I think the problem, as stated, implies the frame of reference is that of the non-rotating, objective observer - not some arbitrary moving location within the setup.

 

[mathwonk]

of course you take the intelligent, reasonable, physicists point of view. but it seems the test makers took the other, as did the guy in the video who unfurled the circle. I'm just saying, when us clueless amateurs weigh in, all bets are off.

I had posted but deleted, an earlier comment that, as a mathematician with no talent for making reasonable assumptions, I am challenged to answer a question whose terms are left undefined, so I wanted a definition of the FOR (see how I picked up on that!?) that should be used.

I don't argue this is reasonable, just that with no specific guidance, some of us will go astray in this way. and of course I agree entirely it opens up an unlimited number of solutions; that's what I meant by saying the problem is not well posed.

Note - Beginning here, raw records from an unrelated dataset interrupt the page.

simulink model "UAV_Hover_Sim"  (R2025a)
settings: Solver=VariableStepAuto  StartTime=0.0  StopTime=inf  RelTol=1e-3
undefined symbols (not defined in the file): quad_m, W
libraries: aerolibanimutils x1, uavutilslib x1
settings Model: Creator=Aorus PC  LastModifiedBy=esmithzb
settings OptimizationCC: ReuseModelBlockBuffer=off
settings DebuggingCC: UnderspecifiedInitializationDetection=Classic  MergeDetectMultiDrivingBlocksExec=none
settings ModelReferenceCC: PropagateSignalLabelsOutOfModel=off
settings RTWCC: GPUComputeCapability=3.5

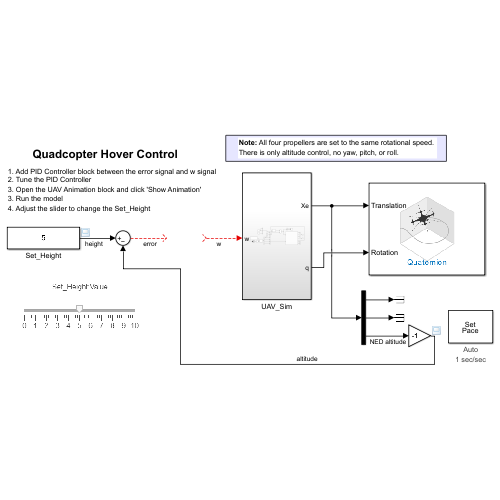
[thumbnail: Simulink's stored preview of the top-level diagram]
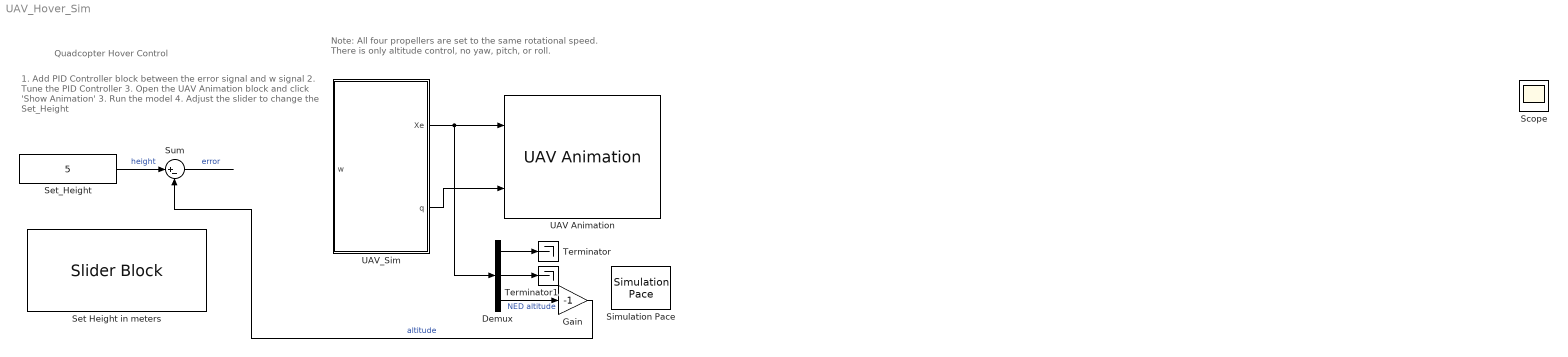
== system UAV_Hover_Sim ==
  note: Note: All four propellers are set to the same rotational speed.
      | There is only altitude control, no yaw, pitch, or roll.
  note: 1. Add PID Controller block between the error signal and w signal 2. Tune the PID Controller
      | 3. Open the UAV Animation block and click 'Show Animation'
      | 3. Run the model
      | 4. Adjust the slider to change the Set_Height
  note: Quadcopter Hover Control
  Demux : Demux  Outputs=3
  Gain : Gain  Gain=-1
  Set Height in meters : SliderBlock  ScaleMax=10  TickInterval=1
  Set_Height : Constant  Value=5
  Simulation Pace : aerolibanimutils/Simulation Pace  SimulationPace=1  SleepMode=Auto  OutputPaceError=off  SampleTime=1/30
  Sum : Sum  Inputs=|+-
  Terminator : Terminator
  Terminator1 : Terminator
  UAV Animation : uavutilslib/UAV Animation  NumUAV=1  DynamicUAVConfig=off  UAVType=Multirotor  UAVSize=4  UAVColor=[1 0 0]  UAVTrajectoryAlpha=1  InertialZDirection=Down  RotationFormat=Quaternion  DrawMarkers=off  SampleTime=-1
  UAV_Sim : Subsystem
  Scope : Scope
      settings: TimeSpan=20  ActiveDisplayYMinimum=0  ActiveDisplayYMaximum=12  YLabel=Altitude (m)
  wires:
  UAV_Sim/1(Xe) -> Demux/1, UAV Animation/1
  UAV_Sim/2(q) -> UAV Animation/2
  Demux/1 -> Terminator/1
  Demux/2 -> Terminator1/1
  Gain/1 -> Sum/2  "altitude"
  Set_Height/1 -> Sum/1  "height"
  Demux/3 -> Gain/1  "NED altitude"
  ? -> UAV_Sim/1(w)  "w"
  Sum/1 -> ?  "error"

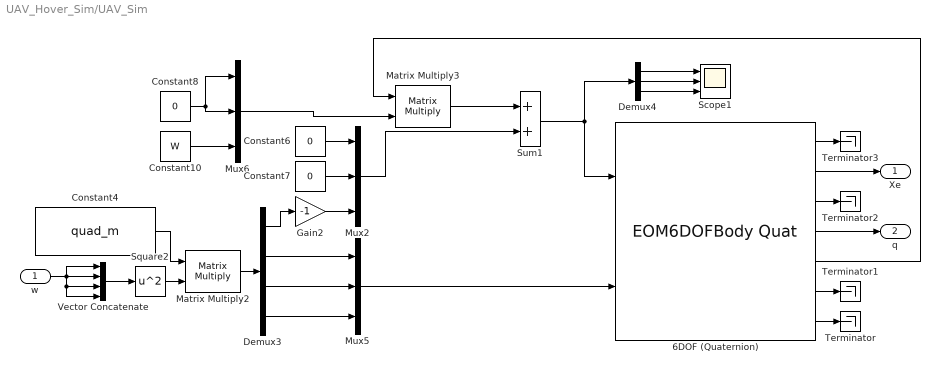
== system UAV_Hover_Sim/UAV_Sim ==
  w : Inport
  6DOF (Quaternion) : EOM6DOFBodyQuat
  Constant10 : Constant  Value=W
  Constant4 : Constant  Value=quad_m
  Constant6 : Constant  Value=0
  Constant7 : Constant  Value=0
  Constant8 : Constant  Value=0
  Demux3 : Demux
  Demux4 : Demux  Outputs=3
  Gain2 : Gain  Gain=-1
  Matrix Multiply2 : Product  Multiplication=Matrix(*)
  Matrix Multiply3 : Product  Multiplication=Matrix(*)
  Mux2 : Mux  Inputs=3
  Mux5 : Mux  Inputs=3
  Mux6 : Mux  Inputs=3
  Scope1 : Scope  NumInputPorts=3
      settings: ActiveDisplayYMinimum=-7E-15  ActiveDisplayYMaximum=8E-16  DataLoggingVariableName=ScopeData2
  Square2 : Math  Operator=square
  Sum1 : Sum
  Terminator{,1..3} (4 alike) : Terminator
  Vector Concatenate : Concatenate  NumInputs=4
  Xe : Outport
  q : Outport  Port=2
  wires:
  Mux2/1 -> Sum1/2
  Matrix Multiply3/1 -> Sum1/1
  Demux4/1 -> Scope1/1
  Mux6/1 -> Matrix Multiply3/2
  Constant10/1 -> Mux6/3
  Sum1/1 -> 6DOF (Quaternion)/1, Demux4/1
  Demux4/2 -> Scope1/2
  Constant4/1 -> Matrix Multiply2/1
  Demux3/1 -> Gain2/1
  Square2/1 -> Matrix Multiply2/2
  Matrix Multiply2/1 -> Demux3/1
  Demux3/2 -> Mux5/1
  Demux3/3 -> Mux5/2
  Demux3/4 -> Mux5/3
  Constant8/1 -> Mux6/2, Mux6/1
  Constant6/1 -> Mux2/1
  Constant7/1 -> Mux2/2
  Gain2/1 -> Mux2/3
  Demux4/3 -> Scope1/3
  w/1 -> Vector Concatenate/4, Vector Concatenate/3, Vector Concatenate/1, Vector Concatenate/2
  6DOF (Quaternion)/4 -> q/1
  6DOF (Quaternion)/5 -> Matrix Multiply3/1
  6DOF (Quaternion)/2 -> Xe/1
  Vector Concatenate/1 -> Square2/1
  Mux5/1 -> 6DOF (Quaternion)/2
  6DOF (Quaternion)/7 -> Terminator/1
  6DOF (Quaternion)/6 -> Terminator1/1
  6DOF (Quaternion)/3 -> Terminator2/1
  6DOF (Quaternion)/1 -> Terminator3/1

I apologize for sharing the perspective of someone with little to no common sense!

 

[Gavran]

The motion of the circle A consists of two periodic motions with two different revolutions and these two revolutions can not be mixed with each other. The correct answer is 3.

 

[Gavran]

After including time instead of angle in the equations $$ x \left ( \theta \right ) = \left ( R + r \right ) \cos \theta – r \cos \left ( \frac { 3 r + r } { r } \theta \right ) $$ $$ y \left ( \theta \right ) = \left ( R + r \right ) \sin \theta – r \sin \left ( \frac { 3 r + r } { r } \theta \right ) $$ (https://en.wikipedia.org/wiki/Epicycloid) there will be $$ x _ 1 \left ( t \right ) = \left ( R + r \right ) \cos \left ( \frac { 2 \pi } { T } t \right ) – r \cos \left ( \frac { 2 \pi } { \frac { T } { 4 } } t \right ) $$ $$ y _ 1 \left ( t \right ) = \left ( R + r \right ) \sin \left ( \frac { 2 \pi } { T } t \right ) – r \sin \left ( \frac { 2 \pi } { \frac { T } { 4 } } t \right ) $$ and there are two periodic motions, the first one with a period of T and the second one with a period of T/4. During the one revolution of the first periodic motion there will be four revolutions of the second periodic motion. The correct answer seems to be 4.